Task objective :: Determine how many lines in the records that follow hold the string "nEDMA". Only that number should be returned.

Input records ::
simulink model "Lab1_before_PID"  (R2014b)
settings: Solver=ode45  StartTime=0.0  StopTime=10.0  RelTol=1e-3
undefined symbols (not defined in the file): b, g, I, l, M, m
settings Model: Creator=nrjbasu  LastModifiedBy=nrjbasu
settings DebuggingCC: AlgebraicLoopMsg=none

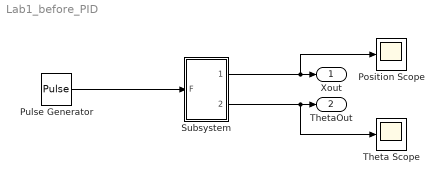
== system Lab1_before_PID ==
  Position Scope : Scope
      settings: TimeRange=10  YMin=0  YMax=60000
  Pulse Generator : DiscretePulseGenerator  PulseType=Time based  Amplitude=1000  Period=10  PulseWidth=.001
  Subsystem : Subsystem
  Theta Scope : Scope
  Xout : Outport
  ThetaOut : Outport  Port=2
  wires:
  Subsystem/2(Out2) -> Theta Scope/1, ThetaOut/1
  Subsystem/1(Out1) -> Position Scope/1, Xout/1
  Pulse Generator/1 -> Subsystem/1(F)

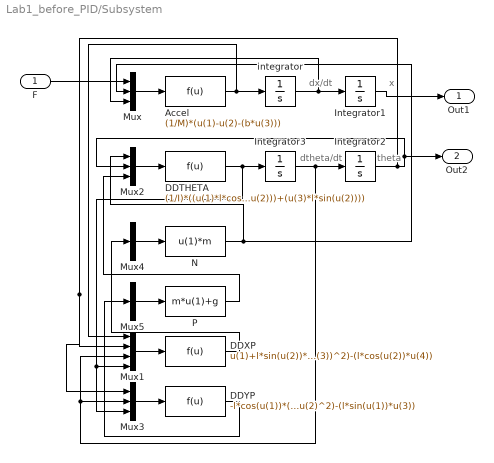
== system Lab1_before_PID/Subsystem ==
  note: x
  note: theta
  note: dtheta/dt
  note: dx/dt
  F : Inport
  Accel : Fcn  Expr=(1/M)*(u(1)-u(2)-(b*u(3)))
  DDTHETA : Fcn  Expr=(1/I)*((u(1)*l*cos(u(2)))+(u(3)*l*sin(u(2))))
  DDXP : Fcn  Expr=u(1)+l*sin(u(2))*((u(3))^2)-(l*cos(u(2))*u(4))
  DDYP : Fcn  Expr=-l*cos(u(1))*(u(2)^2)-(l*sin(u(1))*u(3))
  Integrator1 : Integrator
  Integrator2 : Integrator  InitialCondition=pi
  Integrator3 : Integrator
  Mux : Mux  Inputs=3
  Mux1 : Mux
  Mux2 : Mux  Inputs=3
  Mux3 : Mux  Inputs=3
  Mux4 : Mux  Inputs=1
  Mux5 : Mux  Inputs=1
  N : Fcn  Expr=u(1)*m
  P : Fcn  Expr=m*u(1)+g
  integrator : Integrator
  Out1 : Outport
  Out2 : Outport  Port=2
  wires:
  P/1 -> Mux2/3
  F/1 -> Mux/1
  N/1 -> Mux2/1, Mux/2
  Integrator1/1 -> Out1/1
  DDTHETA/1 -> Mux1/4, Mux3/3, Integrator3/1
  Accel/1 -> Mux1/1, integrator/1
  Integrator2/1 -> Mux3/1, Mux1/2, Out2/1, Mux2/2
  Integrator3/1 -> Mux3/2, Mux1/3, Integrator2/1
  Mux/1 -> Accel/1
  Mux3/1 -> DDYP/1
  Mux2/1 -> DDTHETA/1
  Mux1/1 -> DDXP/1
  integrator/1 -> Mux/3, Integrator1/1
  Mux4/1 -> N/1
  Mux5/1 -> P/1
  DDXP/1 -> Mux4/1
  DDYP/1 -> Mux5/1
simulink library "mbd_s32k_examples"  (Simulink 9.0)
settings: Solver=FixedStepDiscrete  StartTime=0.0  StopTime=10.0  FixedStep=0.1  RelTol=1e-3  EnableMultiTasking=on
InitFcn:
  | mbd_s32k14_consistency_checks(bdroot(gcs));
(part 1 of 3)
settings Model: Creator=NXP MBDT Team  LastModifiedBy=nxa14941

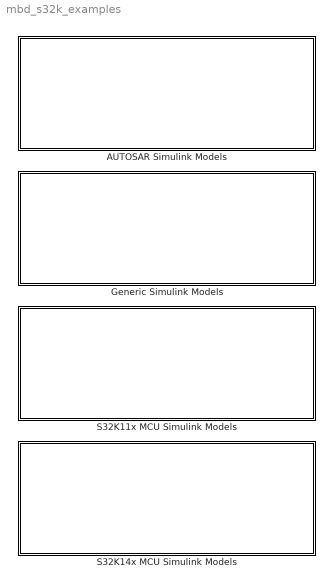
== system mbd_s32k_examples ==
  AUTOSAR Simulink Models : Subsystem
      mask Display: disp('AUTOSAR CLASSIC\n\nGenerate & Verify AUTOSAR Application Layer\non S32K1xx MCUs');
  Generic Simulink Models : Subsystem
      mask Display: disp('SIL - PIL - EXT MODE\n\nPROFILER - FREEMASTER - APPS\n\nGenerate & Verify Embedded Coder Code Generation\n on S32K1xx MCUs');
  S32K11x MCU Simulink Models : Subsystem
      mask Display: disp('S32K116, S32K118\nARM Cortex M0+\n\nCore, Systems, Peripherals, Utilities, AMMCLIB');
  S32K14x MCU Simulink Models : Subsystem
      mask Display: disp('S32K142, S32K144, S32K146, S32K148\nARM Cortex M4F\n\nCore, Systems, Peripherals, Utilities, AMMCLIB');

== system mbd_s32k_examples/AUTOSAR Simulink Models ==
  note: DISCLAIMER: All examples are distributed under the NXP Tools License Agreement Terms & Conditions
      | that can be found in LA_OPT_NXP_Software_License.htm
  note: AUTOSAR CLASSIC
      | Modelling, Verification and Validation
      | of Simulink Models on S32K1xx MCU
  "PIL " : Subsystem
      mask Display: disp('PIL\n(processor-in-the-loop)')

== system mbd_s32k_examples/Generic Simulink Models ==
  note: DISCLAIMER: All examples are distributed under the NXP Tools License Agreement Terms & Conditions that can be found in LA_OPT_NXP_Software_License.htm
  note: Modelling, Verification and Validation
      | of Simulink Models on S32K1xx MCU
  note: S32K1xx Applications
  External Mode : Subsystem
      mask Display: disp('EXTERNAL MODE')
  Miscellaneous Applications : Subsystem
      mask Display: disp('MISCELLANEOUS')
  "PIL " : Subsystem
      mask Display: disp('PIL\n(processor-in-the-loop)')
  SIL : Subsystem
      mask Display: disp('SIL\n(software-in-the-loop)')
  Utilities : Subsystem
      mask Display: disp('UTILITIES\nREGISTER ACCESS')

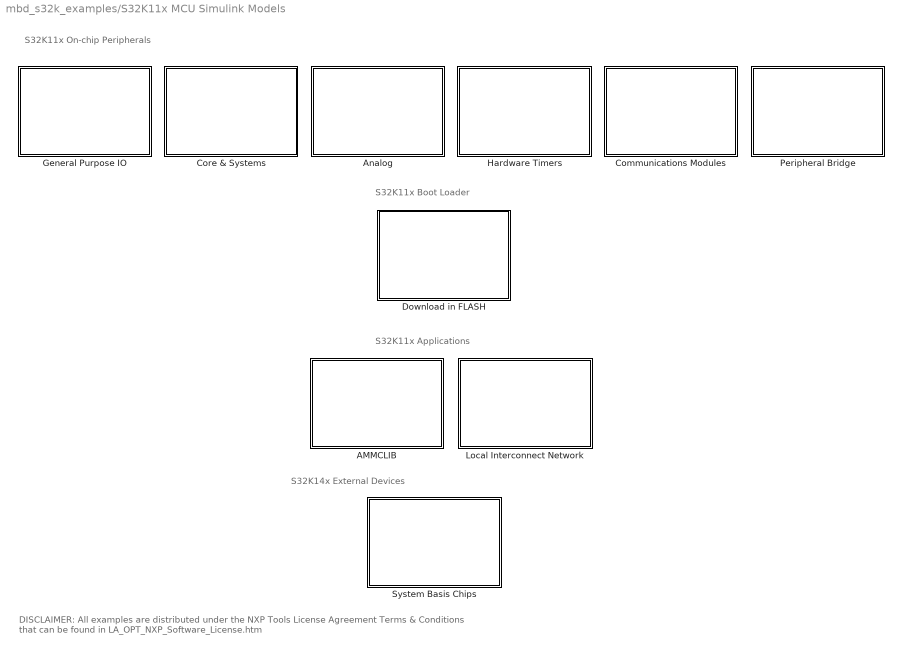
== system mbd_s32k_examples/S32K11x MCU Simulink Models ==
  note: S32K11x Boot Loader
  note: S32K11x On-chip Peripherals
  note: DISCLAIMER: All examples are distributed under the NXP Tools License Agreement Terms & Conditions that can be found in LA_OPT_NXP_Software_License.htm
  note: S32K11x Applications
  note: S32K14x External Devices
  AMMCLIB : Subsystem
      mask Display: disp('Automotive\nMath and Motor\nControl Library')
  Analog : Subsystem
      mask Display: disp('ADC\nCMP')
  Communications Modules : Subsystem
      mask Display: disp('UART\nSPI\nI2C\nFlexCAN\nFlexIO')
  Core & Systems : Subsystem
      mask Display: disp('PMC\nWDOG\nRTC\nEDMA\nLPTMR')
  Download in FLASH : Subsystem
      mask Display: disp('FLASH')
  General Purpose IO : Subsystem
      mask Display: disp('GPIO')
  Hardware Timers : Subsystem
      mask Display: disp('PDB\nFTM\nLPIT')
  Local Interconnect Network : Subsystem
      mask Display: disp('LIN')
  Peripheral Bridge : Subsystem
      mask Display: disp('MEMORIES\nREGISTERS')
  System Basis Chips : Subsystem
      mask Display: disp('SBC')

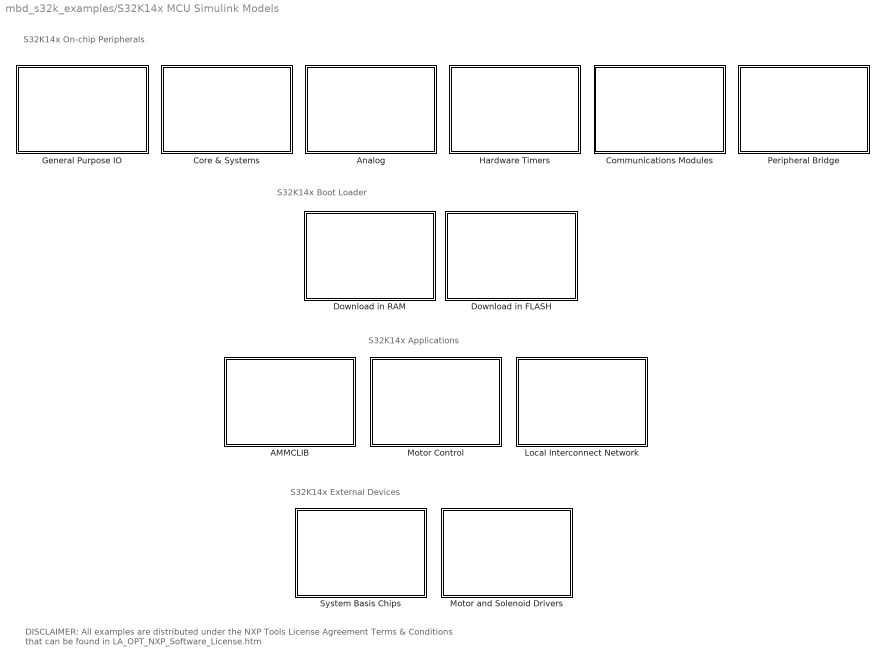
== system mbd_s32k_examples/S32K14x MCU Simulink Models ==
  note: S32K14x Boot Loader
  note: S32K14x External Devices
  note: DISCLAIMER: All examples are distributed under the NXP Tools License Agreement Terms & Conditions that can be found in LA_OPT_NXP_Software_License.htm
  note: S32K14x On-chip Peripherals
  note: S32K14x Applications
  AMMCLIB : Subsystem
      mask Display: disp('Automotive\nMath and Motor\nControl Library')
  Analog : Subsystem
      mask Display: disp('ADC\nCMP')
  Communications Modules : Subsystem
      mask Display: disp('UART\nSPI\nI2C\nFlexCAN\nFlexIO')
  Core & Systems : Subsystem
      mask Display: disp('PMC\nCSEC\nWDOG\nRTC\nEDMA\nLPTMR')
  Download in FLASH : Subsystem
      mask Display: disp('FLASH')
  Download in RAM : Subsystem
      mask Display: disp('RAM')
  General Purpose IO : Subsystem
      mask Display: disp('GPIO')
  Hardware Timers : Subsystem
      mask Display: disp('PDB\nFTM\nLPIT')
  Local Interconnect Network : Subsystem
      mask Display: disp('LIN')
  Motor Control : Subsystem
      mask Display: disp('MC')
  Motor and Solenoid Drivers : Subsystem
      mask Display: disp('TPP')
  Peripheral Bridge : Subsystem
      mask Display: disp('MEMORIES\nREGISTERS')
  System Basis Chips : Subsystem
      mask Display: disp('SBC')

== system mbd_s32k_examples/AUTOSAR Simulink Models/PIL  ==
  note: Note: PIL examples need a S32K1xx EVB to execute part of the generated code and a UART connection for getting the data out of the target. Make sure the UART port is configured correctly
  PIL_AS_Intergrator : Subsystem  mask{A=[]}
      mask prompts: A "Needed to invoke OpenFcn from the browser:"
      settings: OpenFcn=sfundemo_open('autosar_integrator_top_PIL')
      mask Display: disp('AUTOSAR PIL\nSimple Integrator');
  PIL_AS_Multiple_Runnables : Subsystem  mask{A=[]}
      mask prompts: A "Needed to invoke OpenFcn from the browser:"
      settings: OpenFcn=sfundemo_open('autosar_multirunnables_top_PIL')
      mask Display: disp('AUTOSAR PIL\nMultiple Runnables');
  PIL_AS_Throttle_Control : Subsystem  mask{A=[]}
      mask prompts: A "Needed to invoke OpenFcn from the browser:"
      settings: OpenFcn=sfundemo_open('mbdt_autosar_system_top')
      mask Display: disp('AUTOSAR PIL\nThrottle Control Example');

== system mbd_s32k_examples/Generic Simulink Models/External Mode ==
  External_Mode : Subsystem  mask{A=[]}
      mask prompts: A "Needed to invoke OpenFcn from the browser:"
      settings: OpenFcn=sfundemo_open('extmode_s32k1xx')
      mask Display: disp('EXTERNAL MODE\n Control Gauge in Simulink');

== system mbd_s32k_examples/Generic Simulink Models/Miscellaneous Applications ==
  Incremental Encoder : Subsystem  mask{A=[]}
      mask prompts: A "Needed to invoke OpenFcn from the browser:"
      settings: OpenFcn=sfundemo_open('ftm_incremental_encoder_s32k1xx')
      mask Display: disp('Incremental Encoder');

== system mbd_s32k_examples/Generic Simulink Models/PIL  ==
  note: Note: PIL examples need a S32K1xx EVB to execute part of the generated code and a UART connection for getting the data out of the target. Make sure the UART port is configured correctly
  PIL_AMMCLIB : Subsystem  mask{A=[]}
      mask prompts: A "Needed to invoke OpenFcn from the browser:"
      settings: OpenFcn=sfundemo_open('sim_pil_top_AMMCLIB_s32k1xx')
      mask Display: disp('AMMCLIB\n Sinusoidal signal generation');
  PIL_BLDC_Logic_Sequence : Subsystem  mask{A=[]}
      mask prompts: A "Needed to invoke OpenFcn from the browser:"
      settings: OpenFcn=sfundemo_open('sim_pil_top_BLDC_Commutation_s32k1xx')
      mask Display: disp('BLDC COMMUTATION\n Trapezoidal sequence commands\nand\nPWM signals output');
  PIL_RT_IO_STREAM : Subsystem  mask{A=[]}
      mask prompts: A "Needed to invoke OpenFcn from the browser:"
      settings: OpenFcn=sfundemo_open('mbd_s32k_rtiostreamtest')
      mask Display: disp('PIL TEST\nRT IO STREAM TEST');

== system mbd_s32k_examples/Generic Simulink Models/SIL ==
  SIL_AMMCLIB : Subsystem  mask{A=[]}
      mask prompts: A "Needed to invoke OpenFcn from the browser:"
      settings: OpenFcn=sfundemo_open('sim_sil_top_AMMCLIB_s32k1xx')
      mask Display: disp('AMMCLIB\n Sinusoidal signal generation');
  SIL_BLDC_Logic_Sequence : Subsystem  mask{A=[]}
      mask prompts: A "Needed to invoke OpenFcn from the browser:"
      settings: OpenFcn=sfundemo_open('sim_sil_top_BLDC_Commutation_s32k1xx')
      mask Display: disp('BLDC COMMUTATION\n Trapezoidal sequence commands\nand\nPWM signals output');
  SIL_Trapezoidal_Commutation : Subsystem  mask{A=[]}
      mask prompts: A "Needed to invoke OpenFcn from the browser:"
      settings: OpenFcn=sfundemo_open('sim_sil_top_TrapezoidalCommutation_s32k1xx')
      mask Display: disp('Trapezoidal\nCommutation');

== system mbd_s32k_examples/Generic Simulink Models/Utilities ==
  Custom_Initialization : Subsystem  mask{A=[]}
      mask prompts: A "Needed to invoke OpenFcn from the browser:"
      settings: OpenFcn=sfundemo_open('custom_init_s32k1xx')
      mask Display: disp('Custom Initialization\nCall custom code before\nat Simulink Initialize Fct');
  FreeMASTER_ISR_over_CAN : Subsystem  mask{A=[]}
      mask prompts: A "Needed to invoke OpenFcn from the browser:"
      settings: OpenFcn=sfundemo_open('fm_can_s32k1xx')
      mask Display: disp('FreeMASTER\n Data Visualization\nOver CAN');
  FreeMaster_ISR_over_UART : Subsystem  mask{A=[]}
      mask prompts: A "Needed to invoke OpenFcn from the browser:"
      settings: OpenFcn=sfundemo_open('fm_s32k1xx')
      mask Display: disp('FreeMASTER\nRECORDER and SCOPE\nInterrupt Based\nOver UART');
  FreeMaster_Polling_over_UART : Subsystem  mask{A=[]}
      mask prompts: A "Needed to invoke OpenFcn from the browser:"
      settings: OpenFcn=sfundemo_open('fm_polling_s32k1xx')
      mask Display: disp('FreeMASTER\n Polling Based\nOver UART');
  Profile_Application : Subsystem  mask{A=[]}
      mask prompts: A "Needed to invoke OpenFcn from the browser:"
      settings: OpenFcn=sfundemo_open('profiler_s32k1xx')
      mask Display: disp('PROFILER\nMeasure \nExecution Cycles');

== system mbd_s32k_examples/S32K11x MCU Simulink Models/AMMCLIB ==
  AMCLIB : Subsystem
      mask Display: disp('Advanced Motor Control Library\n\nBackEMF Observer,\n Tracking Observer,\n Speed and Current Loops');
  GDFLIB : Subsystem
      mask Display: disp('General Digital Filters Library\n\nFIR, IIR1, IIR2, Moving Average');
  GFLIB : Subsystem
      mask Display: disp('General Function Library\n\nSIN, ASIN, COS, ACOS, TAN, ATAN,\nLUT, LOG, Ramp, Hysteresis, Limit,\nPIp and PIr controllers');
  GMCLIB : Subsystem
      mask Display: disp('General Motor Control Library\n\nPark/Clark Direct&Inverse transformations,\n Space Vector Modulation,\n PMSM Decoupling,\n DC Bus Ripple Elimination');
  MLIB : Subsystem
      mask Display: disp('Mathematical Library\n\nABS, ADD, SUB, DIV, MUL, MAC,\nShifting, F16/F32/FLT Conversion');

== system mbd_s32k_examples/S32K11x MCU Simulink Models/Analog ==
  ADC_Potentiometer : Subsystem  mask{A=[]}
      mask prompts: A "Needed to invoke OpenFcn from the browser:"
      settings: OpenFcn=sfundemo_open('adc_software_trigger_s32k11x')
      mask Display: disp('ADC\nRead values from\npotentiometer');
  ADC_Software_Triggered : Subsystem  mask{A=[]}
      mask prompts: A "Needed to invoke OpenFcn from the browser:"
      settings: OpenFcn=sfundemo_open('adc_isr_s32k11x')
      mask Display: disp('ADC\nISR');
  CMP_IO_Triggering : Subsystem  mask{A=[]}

Solution below :: 2